Now you need to remember that the first part of the mission was to run 8-bit 8080 code with a minimum of change. That code at the time typically wasn’t in some high level language, but machine code written with assembly mnemonics and you couldn’t just compile that for another architecture… actually they did support that as much as possible at the time.
But mixing code and data used to be considered proper, even genius or von Neumann, it was also the only original option. And things like recursion, variable length strings, complex linked data structures, or object oriented programming weren’t done on small computers ...until much later.
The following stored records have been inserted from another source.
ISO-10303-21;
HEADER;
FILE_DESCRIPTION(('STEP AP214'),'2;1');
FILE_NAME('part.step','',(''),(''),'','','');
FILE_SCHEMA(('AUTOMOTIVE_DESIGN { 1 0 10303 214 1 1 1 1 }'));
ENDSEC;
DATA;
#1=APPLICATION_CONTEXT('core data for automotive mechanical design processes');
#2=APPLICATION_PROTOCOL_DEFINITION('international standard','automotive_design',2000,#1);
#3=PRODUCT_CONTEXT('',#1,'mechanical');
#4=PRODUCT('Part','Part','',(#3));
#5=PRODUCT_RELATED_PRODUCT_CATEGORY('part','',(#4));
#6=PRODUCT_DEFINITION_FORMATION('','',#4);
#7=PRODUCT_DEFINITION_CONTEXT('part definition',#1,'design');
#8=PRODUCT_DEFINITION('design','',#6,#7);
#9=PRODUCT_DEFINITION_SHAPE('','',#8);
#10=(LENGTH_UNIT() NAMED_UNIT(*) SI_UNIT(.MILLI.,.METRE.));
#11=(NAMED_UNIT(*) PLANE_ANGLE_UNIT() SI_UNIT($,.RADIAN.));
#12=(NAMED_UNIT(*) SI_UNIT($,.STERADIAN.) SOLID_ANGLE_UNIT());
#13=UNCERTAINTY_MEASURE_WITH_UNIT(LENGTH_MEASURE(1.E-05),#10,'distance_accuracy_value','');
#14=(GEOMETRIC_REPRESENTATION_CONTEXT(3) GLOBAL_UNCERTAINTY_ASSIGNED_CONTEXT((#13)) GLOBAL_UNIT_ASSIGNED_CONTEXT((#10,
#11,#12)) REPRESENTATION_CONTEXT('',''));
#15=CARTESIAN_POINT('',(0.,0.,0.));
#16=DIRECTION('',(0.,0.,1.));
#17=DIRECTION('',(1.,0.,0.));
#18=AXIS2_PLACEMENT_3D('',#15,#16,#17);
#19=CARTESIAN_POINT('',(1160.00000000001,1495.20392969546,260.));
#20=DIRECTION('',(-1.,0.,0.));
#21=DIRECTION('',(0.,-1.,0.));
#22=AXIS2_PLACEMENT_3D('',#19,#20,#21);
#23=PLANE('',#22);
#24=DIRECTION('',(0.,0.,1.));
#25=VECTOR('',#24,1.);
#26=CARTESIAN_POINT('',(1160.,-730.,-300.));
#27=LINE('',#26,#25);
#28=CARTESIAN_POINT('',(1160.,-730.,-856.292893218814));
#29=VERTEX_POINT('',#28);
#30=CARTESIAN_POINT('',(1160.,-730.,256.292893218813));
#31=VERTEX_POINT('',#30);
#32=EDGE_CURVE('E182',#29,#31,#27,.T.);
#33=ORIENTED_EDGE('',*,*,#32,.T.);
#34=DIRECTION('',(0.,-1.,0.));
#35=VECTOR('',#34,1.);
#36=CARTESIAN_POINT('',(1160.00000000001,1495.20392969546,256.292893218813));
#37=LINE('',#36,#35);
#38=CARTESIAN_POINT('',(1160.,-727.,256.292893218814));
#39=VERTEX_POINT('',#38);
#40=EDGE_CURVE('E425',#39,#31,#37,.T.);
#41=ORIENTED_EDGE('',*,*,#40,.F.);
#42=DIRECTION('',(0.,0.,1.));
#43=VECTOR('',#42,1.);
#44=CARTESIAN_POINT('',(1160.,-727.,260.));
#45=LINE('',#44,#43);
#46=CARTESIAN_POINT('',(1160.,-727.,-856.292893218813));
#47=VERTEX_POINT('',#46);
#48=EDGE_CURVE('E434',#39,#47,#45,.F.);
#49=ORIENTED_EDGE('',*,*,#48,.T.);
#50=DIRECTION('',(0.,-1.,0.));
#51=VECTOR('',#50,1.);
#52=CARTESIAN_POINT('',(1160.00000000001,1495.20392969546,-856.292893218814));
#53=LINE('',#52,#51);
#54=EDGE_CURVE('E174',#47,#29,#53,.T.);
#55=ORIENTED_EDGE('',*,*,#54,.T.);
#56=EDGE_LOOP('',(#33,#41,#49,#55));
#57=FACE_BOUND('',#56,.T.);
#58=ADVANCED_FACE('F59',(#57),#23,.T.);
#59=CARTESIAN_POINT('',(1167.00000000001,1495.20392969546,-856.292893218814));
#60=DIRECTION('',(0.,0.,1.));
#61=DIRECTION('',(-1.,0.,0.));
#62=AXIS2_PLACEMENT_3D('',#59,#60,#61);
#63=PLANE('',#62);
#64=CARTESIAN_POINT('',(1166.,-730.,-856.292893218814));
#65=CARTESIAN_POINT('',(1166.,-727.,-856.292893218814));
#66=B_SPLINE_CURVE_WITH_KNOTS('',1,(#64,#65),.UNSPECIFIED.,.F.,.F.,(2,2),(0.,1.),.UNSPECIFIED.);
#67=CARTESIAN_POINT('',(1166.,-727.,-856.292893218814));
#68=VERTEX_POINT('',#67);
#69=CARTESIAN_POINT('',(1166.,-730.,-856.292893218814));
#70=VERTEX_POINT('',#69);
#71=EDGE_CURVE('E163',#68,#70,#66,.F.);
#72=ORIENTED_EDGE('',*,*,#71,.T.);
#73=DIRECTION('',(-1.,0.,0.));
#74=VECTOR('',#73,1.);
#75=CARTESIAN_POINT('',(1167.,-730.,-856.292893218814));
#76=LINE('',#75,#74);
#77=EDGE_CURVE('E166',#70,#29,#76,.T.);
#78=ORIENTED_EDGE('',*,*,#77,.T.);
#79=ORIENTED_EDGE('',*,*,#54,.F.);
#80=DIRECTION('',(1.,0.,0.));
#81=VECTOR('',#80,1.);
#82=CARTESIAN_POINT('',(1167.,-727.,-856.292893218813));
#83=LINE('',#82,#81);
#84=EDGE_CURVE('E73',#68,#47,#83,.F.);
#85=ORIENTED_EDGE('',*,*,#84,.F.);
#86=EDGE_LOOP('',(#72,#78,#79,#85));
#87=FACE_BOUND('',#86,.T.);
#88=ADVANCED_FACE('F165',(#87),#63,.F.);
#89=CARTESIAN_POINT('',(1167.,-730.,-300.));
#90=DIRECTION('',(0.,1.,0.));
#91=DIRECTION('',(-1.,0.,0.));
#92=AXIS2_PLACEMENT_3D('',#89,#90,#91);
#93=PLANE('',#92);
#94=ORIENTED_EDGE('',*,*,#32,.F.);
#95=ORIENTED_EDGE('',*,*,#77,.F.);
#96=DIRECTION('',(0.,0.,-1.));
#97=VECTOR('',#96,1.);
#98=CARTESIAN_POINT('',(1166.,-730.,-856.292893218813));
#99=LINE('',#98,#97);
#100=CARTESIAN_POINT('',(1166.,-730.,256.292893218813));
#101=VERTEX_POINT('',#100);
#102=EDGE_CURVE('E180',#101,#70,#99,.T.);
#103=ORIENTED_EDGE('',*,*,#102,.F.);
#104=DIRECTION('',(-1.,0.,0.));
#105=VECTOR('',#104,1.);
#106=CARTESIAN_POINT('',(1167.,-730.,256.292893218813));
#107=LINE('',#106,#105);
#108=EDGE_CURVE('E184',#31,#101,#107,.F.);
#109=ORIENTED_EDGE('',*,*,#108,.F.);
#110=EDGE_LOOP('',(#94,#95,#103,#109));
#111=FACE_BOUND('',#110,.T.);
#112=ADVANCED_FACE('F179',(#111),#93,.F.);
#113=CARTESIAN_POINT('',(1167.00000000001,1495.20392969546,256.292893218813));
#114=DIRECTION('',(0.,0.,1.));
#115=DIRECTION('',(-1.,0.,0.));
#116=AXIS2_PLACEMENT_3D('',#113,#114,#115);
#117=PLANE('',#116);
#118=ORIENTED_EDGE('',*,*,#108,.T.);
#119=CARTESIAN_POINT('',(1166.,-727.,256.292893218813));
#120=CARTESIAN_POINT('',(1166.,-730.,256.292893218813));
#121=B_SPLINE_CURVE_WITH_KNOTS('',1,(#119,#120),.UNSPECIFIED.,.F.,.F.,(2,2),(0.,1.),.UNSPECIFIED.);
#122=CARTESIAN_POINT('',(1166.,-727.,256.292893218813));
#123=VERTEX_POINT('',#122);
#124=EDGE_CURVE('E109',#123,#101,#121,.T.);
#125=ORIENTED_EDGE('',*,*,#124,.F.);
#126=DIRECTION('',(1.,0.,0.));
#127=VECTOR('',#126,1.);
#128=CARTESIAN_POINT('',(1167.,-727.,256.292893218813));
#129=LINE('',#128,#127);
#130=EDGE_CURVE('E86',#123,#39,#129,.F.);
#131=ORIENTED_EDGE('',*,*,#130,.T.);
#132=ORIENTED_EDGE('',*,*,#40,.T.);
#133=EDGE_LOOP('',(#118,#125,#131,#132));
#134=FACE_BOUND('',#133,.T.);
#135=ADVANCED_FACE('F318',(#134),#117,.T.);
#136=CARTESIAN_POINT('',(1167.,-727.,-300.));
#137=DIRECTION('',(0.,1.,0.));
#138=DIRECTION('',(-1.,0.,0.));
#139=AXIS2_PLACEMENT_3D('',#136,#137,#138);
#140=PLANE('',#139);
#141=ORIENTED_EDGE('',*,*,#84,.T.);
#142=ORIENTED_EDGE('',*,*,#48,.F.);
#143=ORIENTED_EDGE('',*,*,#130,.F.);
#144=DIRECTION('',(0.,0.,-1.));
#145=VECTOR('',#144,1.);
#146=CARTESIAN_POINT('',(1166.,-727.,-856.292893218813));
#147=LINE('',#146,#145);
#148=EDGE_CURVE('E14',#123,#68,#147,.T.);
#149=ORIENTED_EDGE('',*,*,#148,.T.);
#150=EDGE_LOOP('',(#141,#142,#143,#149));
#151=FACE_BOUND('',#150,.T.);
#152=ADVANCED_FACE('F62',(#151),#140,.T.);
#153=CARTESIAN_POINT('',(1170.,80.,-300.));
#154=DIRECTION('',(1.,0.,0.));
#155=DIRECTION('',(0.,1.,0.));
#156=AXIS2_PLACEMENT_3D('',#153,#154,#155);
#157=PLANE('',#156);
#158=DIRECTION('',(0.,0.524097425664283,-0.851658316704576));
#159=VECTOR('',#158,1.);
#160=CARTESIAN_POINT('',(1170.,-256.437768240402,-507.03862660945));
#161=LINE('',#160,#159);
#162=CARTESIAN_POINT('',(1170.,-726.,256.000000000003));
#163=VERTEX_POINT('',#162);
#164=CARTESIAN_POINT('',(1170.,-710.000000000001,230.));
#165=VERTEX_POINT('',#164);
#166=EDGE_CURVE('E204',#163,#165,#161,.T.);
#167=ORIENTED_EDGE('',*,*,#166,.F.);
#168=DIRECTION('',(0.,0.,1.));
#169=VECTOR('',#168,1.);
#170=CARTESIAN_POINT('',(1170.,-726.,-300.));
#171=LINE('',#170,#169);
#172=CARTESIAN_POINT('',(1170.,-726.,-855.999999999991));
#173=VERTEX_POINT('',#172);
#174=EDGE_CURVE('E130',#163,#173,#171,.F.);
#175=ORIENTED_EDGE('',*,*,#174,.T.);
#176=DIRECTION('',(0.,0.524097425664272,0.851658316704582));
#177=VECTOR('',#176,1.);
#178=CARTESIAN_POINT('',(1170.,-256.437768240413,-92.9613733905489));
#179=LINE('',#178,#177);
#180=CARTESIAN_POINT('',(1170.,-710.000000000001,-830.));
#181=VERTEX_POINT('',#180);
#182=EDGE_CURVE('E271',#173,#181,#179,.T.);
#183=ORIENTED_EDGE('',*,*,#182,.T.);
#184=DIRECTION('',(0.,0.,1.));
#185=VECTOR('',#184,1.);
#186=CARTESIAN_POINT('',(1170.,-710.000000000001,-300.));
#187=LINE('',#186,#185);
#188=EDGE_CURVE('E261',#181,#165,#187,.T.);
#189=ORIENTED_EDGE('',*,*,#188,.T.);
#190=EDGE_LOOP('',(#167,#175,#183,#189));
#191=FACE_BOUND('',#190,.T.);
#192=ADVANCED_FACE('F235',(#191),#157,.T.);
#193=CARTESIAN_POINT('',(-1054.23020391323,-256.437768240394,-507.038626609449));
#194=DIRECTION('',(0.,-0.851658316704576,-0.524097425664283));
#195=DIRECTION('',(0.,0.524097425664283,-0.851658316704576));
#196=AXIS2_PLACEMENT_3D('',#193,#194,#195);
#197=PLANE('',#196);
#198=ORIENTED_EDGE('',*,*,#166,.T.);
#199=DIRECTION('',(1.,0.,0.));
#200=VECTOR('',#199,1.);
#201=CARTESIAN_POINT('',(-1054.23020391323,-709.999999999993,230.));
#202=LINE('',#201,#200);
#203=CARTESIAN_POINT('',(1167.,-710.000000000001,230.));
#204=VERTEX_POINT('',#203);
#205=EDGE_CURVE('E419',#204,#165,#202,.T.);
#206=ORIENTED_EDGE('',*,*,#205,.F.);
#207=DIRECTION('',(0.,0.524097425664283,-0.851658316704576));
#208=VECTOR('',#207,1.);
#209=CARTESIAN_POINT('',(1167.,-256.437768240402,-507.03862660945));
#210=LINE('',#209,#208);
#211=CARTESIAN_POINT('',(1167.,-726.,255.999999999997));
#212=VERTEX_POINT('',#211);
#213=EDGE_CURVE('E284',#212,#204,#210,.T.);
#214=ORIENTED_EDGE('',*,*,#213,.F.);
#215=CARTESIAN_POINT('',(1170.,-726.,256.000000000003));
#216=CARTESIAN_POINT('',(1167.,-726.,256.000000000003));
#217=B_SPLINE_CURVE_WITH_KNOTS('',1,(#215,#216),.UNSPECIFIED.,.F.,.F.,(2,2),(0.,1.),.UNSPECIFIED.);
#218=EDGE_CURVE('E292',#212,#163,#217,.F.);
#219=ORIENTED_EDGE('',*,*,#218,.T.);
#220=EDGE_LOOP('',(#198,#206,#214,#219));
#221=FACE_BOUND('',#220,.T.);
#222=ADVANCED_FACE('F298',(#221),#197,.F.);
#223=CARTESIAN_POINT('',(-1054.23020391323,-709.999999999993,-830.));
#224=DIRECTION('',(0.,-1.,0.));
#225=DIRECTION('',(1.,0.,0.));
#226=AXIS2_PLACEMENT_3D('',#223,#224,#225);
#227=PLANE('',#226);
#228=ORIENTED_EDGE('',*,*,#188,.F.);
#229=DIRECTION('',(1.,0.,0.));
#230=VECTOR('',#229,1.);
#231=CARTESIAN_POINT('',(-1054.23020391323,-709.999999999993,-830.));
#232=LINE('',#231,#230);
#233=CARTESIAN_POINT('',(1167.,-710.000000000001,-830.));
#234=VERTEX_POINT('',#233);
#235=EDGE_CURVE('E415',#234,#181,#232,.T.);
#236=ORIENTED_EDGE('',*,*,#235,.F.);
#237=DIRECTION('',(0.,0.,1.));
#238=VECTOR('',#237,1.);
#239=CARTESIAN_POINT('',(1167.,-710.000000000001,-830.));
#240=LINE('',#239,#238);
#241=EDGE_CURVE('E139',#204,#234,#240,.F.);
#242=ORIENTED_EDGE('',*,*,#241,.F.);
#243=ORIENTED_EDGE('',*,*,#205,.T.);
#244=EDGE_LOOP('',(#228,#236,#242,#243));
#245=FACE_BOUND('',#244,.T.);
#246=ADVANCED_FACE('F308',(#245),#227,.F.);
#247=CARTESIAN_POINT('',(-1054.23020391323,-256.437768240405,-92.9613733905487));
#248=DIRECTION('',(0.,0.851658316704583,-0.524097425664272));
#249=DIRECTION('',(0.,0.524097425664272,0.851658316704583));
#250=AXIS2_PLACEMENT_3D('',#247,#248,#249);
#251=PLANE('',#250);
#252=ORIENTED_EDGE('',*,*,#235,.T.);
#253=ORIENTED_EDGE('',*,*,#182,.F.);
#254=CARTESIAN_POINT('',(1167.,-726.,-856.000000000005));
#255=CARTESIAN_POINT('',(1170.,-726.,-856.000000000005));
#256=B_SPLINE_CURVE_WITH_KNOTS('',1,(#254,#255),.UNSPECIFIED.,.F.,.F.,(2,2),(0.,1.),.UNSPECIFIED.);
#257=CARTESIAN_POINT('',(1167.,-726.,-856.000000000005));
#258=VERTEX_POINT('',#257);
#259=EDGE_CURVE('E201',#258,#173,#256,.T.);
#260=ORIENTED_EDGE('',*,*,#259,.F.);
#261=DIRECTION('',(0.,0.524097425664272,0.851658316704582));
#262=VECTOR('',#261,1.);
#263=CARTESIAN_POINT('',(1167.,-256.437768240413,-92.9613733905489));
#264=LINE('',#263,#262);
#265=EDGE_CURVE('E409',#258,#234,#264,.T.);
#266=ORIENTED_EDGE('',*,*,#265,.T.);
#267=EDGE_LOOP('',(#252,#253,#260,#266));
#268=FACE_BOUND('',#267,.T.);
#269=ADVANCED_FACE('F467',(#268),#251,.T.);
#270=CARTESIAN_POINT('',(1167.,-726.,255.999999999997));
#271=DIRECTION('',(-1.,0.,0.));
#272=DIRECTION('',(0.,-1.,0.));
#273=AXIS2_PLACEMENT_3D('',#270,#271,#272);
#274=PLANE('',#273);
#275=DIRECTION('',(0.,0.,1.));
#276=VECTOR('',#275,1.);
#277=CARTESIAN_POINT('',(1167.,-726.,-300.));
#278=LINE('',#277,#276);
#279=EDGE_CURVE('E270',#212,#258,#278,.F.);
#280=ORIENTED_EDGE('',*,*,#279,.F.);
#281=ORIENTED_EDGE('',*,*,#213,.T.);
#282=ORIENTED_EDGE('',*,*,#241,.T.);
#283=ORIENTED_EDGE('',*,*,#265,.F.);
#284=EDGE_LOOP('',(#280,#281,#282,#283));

Then of course stacks and heaps might crash and burn, while turning data into code caused all kinds of other problems, but your old 64k assembly code with hard-wired data offsets strewn all across would simply be loaded with identical code and data segment addresses or full overlap, while say a Cobol program would have run just fine with code and data “tight but separate” just as it originally ran on machines about the same size a decade earlier.
Of course, people did funny things with equivalence statements in Fortran (variant records in Pascal) or even tried recursion via a proxy function, because only direct recursion was detected by the compiler and abort code generation… Yup that was me, on a PDP-11, a quick way to cause a segment fault, because the PDP-11 could detect segment overruns.
To those with discipline or using a safe language like Cobol separating code and data segments immediately provided extra room, while very few stacks would ever grow large without recursion.
And then, if that wasn’t enough, there would always be the possibility to use long addresses for code, or data, or both, to take advantage of every last bit of RAM your PC might have: still better than being tied to 64KB on a machine that increasingly had more while you didn’t share it like those MP/M machines.
Getting the original 8086 segmented architecture wrong, which ruled PCs long past the day the 80386 launched, is hard to forgive.
Sorry, Liam, your site admin can provide you with my e-mail address!